Lisa it is always a struggle for me to get decent pictures as well. What I have done so far is...

1.) If using a flash have the lens very very close to the glass and shoot at a slight angle. This prevents the big glass/flash flare










Unfortunately what seems to happen is the color will be off a little. This particular fish is a stunning blue and on here looks a dull Grey/blue. On here, she looks kind of dirty or something. Some fish are easier to photograph then others.









the snail was with a flash while I was in a dark room shooting into a well lit tank. Also, this is a slightly longer exposure as one can do with a slower moving snail vs. a fast fish.









Longer exposure, faster ISO No flash

2.) Change the ISO setting on your camera to 1600 so you don't need the flash. Also get close to the tank again. Shoot toward the lighter part of the tank. I do this in a dark room so you are shooting at the light source.



















I have seen professional pictures taken and they use a flash that is hooked up to the top of the tank and aimed down into the water. IT is synced with the camera so it flashes as the shutter opens. I think this is the best way but... who has the time or money to invest in that? Not me, sadly.


----------



## Blabomb (Jan 30, 2011)

I seem to have trouble taking good pics as well. I'll try a few tips from this thread and see if I can't improve


----------



## Inga (Jun 8, 2010)

post some before and after pics. Maybe you will learn something new to share with the rest of us.


----------



## LisaLB24 (Oct 26, 2010)

Oooo. Great pics and great tips everyone. I can't wait to try these out at home! For now, I'll post some of my attempts and tomorrow I'll post all my glorious and gorgeous new pics!:-D

This red betta has these bright bluish lines and scales that are just gorgeuos but here he just looks like a dull red blob...

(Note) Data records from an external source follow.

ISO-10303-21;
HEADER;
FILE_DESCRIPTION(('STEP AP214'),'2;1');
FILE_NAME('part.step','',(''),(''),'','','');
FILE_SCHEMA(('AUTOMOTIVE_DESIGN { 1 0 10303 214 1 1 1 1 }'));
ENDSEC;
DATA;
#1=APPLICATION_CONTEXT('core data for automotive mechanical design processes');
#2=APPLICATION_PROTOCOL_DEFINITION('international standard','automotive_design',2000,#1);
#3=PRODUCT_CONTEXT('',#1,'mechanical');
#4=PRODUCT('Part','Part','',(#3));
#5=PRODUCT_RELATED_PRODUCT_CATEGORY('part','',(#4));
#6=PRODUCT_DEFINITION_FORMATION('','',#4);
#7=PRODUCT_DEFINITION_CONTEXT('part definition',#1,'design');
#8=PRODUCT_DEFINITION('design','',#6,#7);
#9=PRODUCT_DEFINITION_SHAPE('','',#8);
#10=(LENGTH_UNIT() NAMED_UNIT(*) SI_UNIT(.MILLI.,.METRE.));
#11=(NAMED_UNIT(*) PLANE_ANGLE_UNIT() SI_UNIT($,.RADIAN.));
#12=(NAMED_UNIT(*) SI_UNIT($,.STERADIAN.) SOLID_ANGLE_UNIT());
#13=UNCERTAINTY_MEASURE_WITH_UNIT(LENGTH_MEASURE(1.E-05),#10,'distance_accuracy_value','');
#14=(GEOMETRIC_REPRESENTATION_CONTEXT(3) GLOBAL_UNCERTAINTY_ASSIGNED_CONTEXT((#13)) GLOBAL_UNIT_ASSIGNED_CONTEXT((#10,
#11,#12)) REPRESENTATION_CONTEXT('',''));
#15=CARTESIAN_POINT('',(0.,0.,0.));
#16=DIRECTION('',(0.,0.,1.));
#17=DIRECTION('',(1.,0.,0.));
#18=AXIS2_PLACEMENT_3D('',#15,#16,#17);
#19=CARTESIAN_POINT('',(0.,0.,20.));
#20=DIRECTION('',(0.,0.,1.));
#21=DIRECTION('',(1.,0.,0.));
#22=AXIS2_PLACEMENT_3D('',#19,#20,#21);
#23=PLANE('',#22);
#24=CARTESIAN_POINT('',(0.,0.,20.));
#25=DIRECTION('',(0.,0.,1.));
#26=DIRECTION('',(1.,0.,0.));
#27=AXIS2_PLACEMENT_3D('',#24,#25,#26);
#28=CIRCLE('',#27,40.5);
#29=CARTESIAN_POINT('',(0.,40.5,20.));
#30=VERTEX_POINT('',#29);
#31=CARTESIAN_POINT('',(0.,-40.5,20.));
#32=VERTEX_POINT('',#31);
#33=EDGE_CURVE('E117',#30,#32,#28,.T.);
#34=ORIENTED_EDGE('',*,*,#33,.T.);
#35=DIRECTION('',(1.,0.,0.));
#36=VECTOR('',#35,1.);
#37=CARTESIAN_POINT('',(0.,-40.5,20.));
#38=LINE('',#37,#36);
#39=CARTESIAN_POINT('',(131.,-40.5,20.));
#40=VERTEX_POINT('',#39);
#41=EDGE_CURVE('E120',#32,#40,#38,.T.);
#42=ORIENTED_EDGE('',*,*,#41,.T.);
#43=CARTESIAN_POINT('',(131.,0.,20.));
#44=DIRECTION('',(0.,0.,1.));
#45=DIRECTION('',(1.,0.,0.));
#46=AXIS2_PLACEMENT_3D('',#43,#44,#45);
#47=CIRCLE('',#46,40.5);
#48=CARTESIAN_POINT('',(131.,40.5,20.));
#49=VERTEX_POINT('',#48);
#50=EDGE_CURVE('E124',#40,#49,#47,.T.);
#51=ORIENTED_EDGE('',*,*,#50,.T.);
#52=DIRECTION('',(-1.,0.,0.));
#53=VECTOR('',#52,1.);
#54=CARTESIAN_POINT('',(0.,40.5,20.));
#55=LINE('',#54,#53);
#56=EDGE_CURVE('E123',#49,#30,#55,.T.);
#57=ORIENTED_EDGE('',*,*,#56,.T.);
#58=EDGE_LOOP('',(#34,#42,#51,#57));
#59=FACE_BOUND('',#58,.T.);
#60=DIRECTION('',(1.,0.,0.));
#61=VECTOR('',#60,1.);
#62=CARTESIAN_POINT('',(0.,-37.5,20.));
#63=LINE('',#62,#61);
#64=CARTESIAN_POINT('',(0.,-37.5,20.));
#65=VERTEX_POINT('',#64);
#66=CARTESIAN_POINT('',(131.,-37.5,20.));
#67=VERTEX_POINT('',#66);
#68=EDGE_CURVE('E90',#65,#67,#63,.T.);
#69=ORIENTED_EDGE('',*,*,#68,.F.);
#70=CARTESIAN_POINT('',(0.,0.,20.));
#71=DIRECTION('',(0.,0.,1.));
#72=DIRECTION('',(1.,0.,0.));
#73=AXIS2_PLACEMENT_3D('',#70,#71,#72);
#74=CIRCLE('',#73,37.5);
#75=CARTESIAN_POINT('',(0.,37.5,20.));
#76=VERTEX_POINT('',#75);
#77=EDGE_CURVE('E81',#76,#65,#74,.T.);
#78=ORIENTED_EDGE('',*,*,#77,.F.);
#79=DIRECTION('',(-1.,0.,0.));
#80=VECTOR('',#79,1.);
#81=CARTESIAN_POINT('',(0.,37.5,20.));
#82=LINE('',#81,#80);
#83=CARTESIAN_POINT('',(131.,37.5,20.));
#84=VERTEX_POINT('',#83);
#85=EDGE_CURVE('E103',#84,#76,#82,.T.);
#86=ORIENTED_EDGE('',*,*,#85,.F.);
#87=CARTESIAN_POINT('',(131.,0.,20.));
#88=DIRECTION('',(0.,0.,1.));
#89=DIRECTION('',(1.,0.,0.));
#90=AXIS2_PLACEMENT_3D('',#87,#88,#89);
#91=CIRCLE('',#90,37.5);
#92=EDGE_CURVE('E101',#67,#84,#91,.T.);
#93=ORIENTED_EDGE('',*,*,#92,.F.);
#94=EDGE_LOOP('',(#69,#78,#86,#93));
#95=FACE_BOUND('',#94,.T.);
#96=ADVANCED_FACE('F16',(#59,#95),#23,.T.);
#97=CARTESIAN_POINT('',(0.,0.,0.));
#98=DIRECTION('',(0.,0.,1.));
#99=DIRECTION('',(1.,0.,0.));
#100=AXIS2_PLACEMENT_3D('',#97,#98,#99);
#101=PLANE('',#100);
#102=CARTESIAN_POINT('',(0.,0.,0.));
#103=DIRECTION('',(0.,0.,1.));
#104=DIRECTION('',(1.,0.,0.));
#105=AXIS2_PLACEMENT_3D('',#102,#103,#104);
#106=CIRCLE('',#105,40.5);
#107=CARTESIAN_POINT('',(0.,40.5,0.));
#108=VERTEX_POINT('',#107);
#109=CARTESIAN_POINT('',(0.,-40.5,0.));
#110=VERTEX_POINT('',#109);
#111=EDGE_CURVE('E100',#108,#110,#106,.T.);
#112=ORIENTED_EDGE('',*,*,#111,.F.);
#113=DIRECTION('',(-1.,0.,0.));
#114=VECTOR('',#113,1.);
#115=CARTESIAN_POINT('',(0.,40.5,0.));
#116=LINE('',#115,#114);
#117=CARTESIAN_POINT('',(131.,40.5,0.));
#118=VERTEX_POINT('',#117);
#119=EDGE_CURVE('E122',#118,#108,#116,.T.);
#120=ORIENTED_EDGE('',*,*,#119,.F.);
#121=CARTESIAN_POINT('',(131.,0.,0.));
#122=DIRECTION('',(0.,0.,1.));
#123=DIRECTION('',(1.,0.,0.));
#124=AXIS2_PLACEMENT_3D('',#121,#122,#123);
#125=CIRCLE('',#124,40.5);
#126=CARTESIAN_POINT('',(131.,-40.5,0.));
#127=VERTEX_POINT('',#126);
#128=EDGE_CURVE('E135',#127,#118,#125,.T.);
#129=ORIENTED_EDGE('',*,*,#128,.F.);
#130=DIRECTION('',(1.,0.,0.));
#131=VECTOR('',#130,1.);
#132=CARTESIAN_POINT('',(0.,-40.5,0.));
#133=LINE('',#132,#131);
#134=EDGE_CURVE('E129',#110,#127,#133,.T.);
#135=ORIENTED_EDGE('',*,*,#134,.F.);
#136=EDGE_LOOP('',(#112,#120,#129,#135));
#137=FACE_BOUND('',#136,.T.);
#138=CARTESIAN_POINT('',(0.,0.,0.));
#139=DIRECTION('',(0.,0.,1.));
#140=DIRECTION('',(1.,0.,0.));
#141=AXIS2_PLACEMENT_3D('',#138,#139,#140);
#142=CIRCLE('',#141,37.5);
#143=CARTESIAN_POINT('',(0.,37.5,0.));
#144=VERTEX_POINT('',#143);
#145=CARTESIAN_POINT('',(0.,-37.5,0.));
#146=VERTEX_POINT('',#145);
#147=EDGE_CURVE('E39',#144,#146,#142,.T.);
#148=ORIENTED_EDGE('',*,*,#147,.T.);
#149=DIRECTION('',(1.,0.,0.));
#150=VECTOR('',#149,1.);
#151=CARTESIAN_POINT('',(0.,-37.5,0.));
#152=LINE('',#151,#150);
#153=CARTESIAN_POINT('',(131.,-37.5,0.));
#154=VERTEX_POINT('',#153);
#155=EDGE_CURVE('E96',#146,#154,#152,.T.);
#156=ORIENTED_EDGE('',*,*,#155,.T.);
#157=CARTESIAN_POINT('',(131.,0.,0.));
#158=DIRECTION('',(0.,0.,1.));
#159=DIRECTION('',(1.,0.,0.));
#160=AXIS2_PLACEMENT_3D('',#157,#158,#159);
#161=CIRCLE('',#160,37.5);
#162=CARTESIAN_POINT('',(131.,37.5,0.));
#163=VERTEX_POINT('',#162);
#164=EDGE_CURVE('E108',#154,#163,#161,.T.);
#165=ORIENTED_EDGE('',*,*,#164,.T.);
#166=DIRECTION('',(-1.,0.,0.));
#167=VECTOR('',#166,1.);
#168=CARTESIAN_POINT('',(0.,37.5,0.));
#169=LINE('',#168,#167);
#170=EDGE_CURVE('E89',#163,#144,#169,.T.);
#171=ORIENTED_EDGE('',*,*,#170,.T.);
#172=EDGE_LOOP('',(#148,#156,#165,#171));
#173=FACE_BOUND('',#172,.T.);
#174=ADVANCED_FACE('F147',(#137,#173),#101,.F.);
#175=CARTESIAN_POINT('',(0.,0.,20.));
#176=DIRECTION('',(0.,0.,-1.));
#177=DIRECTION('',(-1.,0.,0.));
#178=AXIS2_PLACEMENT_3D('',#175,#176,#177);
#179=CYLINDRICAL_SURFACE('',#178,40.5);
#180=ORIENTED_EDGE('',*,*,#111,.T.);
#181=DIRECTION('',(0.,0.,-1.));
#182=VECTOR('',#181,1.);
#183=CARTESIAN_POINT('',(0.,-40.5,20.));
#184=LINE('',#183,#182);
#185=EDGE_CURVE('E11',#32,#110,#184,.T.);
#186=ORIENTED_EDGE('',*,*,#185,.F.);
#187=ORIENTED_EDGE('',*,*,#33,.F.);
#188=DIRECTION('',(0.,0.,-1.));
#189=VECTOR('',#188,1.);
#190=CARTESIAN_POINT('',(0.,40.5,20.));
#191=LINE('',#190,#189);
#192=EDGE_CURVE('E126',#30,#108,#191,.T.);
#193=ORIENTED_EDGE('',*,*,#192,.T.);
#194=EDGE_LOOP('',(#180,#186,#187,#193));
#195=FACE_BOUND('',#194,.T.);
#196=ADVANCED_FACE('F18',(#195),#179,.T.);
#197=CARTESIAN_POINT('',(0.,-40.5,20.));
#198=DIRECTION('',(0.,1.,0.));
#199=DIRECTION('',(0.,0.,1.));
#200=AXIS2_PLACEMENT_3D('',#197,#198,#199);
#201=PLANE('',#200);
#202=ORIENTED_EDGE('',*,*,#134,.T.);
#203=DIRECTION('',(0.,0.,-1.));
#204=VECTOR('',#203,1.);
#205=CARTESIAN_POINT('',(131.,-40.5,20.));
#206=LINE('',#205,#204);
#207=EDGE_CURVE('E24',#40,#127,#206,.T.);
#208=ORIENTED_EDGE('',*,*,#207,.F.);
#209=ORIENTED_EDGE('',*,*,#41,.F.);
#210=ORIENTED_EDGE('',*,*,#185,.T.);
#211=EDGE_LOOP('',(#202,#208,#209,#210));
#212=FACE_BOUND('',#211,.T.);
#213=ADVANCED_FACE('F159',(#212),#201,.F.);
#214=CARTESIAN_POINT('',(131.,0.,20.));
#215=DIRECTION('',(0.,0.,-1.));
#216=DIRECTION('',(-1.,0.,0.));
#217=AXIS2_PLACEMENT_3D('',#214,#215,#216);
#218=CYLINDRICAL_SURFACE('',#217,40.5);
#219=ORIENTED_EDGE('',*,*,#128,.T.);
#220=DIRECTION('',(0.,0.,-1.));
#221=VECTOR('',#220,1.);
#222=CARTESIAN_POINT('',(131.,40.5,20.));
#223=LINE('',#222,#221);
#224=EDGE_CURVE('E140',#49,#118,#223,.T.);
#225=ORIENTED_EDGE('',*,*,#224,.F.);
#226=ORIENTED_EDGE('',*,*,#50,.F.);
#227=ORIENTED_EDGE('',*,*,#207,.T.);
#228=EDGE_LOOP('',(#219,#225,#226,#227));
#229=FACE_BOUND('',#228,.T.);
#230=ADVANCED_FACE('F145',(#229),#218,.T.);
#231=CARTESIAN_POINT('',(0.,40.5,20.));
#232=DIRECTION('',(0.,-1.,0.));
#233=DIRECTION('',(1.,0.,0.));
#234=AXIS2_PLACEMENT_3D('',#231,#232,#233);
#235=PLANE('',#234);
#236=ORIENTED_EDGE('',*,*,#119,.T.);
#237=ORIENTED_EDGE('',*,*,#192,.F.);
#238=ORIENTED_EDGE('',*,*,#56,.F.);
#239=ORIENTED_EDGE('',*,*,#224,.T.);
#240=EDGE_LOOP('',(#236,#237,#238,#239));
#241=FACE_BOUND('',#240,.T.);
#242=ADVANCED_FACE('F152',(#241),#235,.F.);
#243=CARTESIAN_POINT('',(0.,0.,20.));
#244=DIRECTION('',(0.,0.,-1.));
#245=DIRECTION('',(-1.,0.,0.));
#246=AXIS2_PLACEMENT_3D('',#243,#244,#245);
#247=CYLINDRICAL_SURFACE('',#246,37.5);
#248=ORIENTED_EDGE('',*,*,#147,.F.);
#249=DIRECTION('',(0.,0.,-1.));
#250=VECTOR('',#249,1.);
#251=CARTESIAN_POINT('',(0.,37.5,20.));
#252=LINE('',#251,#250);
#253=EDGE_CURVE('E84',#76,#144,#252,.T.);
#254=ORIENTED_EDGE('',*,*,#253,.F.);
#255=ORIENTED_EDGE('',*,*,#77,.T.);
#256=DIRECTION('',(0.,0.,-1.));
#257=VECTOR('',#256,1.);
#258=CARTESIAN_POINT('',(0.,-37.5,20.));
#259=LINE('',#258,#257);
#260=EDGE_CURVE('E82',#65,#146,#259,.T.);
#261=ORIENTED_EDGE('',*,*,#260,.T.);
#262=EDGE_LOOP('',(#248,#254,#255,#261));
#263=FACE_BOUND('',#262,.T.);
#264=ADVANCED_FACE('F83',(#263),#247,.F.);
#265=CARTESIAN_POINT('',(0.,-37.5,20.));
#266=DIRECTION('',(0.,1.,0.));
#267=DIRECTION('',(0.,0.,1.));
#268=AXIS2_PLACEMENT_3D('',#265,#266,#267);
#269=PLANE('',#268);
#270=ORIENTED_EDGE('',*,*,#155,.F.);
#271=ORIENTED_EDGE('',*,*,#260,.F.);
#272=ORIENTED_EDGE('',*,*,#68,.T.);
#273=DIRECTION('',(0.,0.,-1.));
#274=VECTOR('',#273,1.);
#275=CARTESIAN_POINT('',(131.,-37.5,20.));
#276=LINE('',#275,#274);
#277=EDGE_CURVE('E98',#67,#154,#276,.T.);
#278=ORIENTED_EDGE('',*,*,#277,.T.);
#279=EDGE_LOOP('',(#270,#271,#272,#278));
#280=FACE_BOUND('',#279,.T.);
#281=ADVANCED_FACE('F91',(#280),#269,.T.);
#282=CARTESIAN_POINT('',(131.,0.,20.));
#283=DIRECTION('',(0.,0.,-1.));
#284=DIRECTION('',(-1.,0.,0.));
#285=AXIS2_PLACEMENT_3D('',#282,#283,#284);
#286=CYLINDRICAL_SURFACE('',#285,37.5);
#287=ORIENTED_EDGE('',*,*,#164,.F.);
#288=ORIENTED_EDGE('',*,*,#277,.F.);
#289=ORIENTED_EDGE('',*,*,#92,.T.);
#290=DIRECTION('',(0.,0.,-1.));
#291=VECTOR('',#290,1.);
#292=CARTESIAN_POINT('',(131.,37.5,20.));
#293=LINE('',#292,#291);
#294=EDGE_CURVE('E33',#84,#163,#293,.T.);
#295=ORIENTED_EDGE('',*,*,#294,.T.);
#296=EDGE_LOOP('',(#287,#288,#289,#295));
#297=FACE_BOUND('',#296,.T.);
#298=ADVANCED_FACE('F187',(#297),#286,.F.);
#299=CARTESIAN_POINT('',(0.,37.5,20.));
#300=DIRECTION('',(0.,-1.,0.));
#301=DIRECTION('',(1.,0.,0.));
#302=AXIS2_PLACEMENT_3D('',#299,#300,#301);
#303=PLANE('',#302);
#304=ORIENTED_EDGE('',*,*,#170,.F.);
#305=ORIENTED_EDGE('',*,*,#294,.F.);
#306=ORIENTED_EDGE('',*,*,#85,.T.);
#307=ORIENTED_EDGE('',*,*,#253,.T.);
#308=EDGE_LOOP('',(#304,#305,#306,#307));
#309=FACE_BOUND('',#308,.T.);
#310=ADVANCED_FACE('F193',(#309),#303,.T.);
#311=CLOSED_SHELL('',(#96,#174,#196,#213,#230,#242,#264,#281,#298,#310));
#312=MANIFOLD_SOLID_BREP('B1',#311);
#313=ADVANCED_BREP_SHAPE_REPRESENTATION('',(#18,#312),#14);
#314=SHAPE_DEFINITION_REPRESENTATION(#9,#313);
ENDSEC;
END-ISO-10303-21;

I think this one is my best and favorite pic. I love these little guys 










I love how bright he is in this one but the glowing eyes really bug me.











This is the same fish as above but he looks almost black here. I love the "Gimme a kiss" face though










Another bright blue (which I like) but you can see the flash and again the eyes are shining.










I like this one, and as some of you mentioned, it was taken at an angle down the glass.










Here you can see some of the blue scales I mentioned before, but the flash is in the corner. It seems like if I want to get the color, I have to deal with the flash and the bright eyes, if I want a clean picture, it's going to be dark and dull... humph.


----------



## Inga (Jun 8, 2010)

One more tip that I thought of. If your camera allow it. Use the manuel focus. You can go as far as to foucs on an area that is light enough and wait for the fish to move there. Taking good pictures of fish is a lesson in patience for sure. I still have not captured a really nice one of my Blue Gourami or my rainbow shark. Practice makes perfect, as they say.  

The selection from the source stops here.